> [Listed entries]
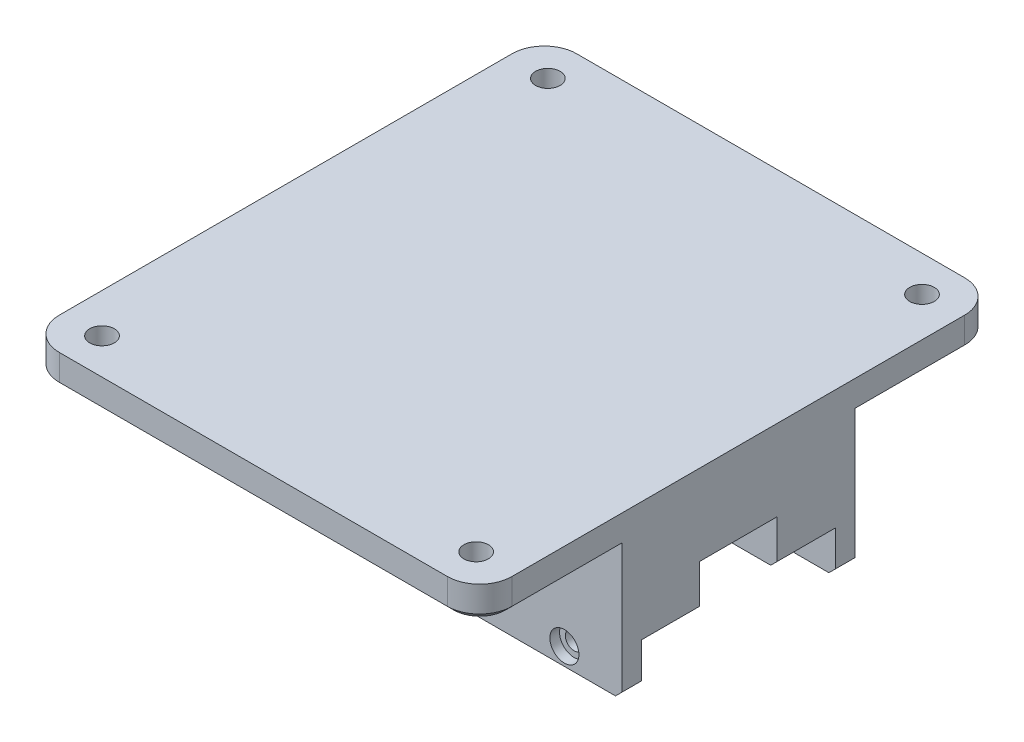
SolidWorks part; units mm, degrees
ref_plane "Front Plane" through (0, 0, 0) normal (0, 0, 1) x (1, 0, 0)
ref_plane "Top Plane" through (0, 0, 0) normal (0, 1, 0) x (1, 0, 0)
ref_plane "Right Plane" through (0, 0, 0) normal (1, 0, 0) x (0, 0, -1)
sketch "Sketch1" plane through (0, 0, 0) normal (0, 0, 1) x (1, 0, 0)
  line L8 (-9.1, 2.5) -> (25.9, 2.5) construction
  line L14 (25.9, 17.3) -> (-9.1, 17.3)
  line L15 (-9.1, 2.5) -> (-9.1, -2.7) construction
  line L16 (-9.1, -2.7) -> (25.9, -2.7)
  line L21 (25.9, 2.5) -> (25.9, -2.7)
  line L26 (-9.1, 17.3) -> (-44.1, 17.3)
  line L27 (-17, -50.9163) -> (-17, 49949.0837) construction
  line L29 (25.9, 17.3) -> (25.9, 2.5)
  line L30 (0, 0) -> (17, 0) construction
  line L32 (-9.1, 2.5) -> (-9.1, 17.3) construction
  line L33 (-44.1, 17.3) -> (-44.1, -2.7)
  line L34 (-44.1, -2.7) -> (-9.1, -2.7)
  line L35 (0, 0) -> (-47.3083, 0) construction
  circle A10 centre (0, 0) radius 1.35 construction
  circle A11 centre (17, 0) radius 1.35 construction
  circle A15 centre (-35.2, 0) radius 1.35 construction
  circle A16 centre (-18.2, 0) radius 1.35 construction
  dimension "D2" = 9.1
  dimension "D3" = 17
  dimension "D4" = 35
  dimension "D6" = 20
  dimension "D7" = 17
  dimension "D8" = 9.1
  dimension "D9" = 2.7
  dimension "D12" = 2.7
  dimension "D5" = 5.2
extrude "Boss-Extrude1" add sketch "Sketch1" along normal blind 18
sketch "Croquis2" plane through (0, 0, 18) normal (0, 0, 1) x (1, 0, 0)
  circle A0 centre (0, 0) radius 1.35
  circle A1 centre (17, 0) radius 1.35
  circle A3 centre (-18.2, 0) radius 1.35
  circle A4 centre (-35.2, 0) radius 1.35
extrude "Cortar-Extruir2" cut sketch "Croquis2" against normal blind 5
sketch "Sketch3" plane through (0, 0, 18) normal (0, 0, 1) x (1, 0, 0)
  circle A5 centre (0, 0) radius 2.25
  circle A6 centre (17, 0) radius 2.25
  circle A8 centre (-18.2, 0) radius 2.25
  circle A9 centre (-35.2, 0) radius 2.25
extrude "Cut-Extrude1" cut sketch "Sketch3" against normal blind 1.5
sketch "Croquis3" plane through (0, 0, 18) normal (0, 0, -1) x (-1, 0, 0)
  line L0 (-25.9, -2.7) -> (-25.9, 2.8)
  line L2 (-25.9, 2.8) -> (4.1, 2.8)
  line L4 (44.1, -2.7) -> (-25.9, -2.7)
  line L5 (9.1, -2.7) -> (-25.9, -2.7) construction
  line L6 (-25.9, -2.7) -> (-25.9, 17.3) construction
  line L7 (44.1, -2.7) -> (-25.9, -2.7) construction
  line L8 (44.1, -2.7) -> (44.1, 2.8)
  line L10 (44.1, 2.8) -> (14.1, 2.8)
  line L11 (14.1, 2.8) -> (9.1, -2.2)
  line L13 (9.1, -2.2) -> (4.1, 2.8)
  line L14 (9.1, 2.5) -> (9.1, -2.7) construction
  dimension "D1" = 45
  dimension "D2" = 45
  dimension "D3" = 0.5
  dimension "D4" = 5.5
extrude "Cortar-Extruir3" cut sketch "Croquis3" along normal blind 17 from offset 3
mirror "Mirror1" about plane through (0, 0, 0) normal (0, 0, -1) of "Cortar-Extruir3", "Cortar-Extruir2", "Boss-Extrude1", "Cut-Extrude1"
sketch "Croquis4" plane through (0, 2.8, 0) normal (0, -1, 0) x (1, 0, 0)
  line L1 (-44.1, 6) -> (25.9, 6)
  line L2 (-44.1, 6) -> (-44.1, -6)
  line L3 (-44.1, -6) -> (25.9, -6)
  line L4 (25.9, 6) -> (25.9, -6)
  line L5 (25.9, -15) -> (25.9, 15) construction
  line L6 (-44.1, -15) -> (-44.1, 15) construction
  line L7 (-9.1, 0) -> (-44.1, 0) construction
  point P10 (-44.1, 0)
  dimension "D1" = 6
extrude "Cortar-Extruir4" cut sketch "Croquis4" along normal through all and the other way blind 6
sketch "Croquis5" plane through (0, 0, 18) normal (0, 0, 1) x (1, 0, 0)
  line L1 (-13.1, 10.6716) -> (-13.1, 16.3)
  line L3 (-13.1, 16.3) -> (-5.1, 16.3)
  line L5 (-5.1, 16.3) -> (-5.1, 11.3)
  line L6 (-13.1, 6.3) -> (-5.1, 6.3)
  line L7 (-5.1, 6.3) -> (-5.1, 11.3)
  line L8 (-13.1, 6.3) -> (-13.1, 10.6716)
  line L9 (-9.1, 2.5) -> (-9.1, 17.3) construction
  line L10 (25.9, 17.3) -> (-9.1, 17.3) construction
  point P4 (-9.1, 16.3)
  dimension "D1" = 10
  dimension "D2" = 5
  dimension "D3" = 8
  dimension "D4" = 1
extrude "Cortar-Extruir11" cut sketch "Croquis5" against normal through all
sketch "Croquis6" plane through (0, 17.3, 0) normal (0, 1, 0) x (1, 0, 0)
  line L0 (-9.1, 0) -> (-25.7361, 0) construction
  line L1 (-9.1, 0) -> (-9.1, -45) construction
  line L2 (-38.0254, -34.472) -> (-9.1, 0) construction
  line L4 (-44.1, 40) -> (25.9, 40)
  line L5 (-44.1, 18) -> (25.9, -18) construction
  line L6 (-44.1, -18) -> (25.9, 18) construction
  line L7 (-44.1, 40) -> (-44.1, -40)
  line L8 (-44.1, -40) -> (25.9, -40)
  line L9 (25.9, 40) -> (25.9, -40)
  line L10 (-44.1, 40) -> (25.9, -40) construction
  line L11 (-44.1, -40) -> (25.9, 40) construction
  arc A0 (-38.0254, -34.472) -> (22.8572, -31.6818) centre (-9.1, 0) ccw construction
  circle A1 centre (-38.0254, -34.472) radius 1.9
  circle A2 centre (19.8254, -34.472) radius 1.9
  circle A3 centre (19.8254, 34.472) radius 1.9
  circle A4 centre (-38.0254, 34.472) radius 1.9
  point P14 (-9.1, 0)
  dimension "D2" = 3.8
  dimension "D1" = 45
  dimension "D3" = 40
  dimension "D4" = 80
extrude "Saliente-Extruir1" add sketch "Croquis6" along normal blind 5
fillet "Redondeo1" radius 5 4 edges at (25.9, 19.8, 40) (-44.1, 19.8, 40) (25.9, 19.8, -40) (-44.1, 19.8, -40)
fillet "Redondeo2" [suppressed] radius 1
chamfer "Chaflán1" distance 1 angle 45 4 edges at (-9.1, 6.3, 18) (-13.1, 11.3, 18) (-9.1, 16.3, 18) (-5.1, 11.3, 18)
chamfer "Chaflán2" distance 1 angle 45 4 edges at (-5.1, 11.3, -18) (-9.1, 6.3, -18) (-13.1, 11.3, -18) (-9.1, 16.3, -18)
chamfer "Chaflán3" distance 1 angle 45 10 edges at (-44.1, 17.3, 26.5) (25.9, 17.3, 26.5) (-42.6355, 17.3, 38.5355) (24.4355, 17.3, 38.5355) (-9.1, 17.3, 40) (25.9, 17.3, -26.5) (-44.1, 17.3, -26.5) (24.4355, 17.3, -38.5355) (-42.6355, 17.3, -38.5355) (-9.1, 17.3, -40)
chamfer "Chaflán5" distance 1 angle 45 10 edges at (25.9, -2.7, -16.5) (-44.1, -2.7, 16.5) (25.9, -2.7, 16.5) (25.9, 2.8, 10.5) (-44.1, 2.8, 10.5) (-44.1, 8.8, 0) (25.9, 8.8, 0) (-44.1, 2.8, -10.5) (25.9, 2.8, -10.5) (-44.1, -2.7, -16.5)
chamfer "Chaflán6" distance 2 angle 45 4 edges at (10.4, 17.3, -18) (-28.6, 17.3, -18) (10.4, 17.3, 18) (-28.6, 17.3, 18)

> [What you will do] The answer should contain only the lines from the beginning of the material above through the line with "0) x (0, 0, -1)", retyped exactly, with the pictures removed.

> [Solution for this task]
SolidWorks part; units mm, degrees
ref_plane "Front Plane" through (0, 0, 0) normal (0, 0, 1) x (1, 0, 0)
ref_plane "Top Plane" through (0, 0, 0) normal (0, 1, 0) x (1, 0, 0)
ref_plane "Right Plane" through (0, 0, 0) normal (1, 0, 0) x (0, 0, -1)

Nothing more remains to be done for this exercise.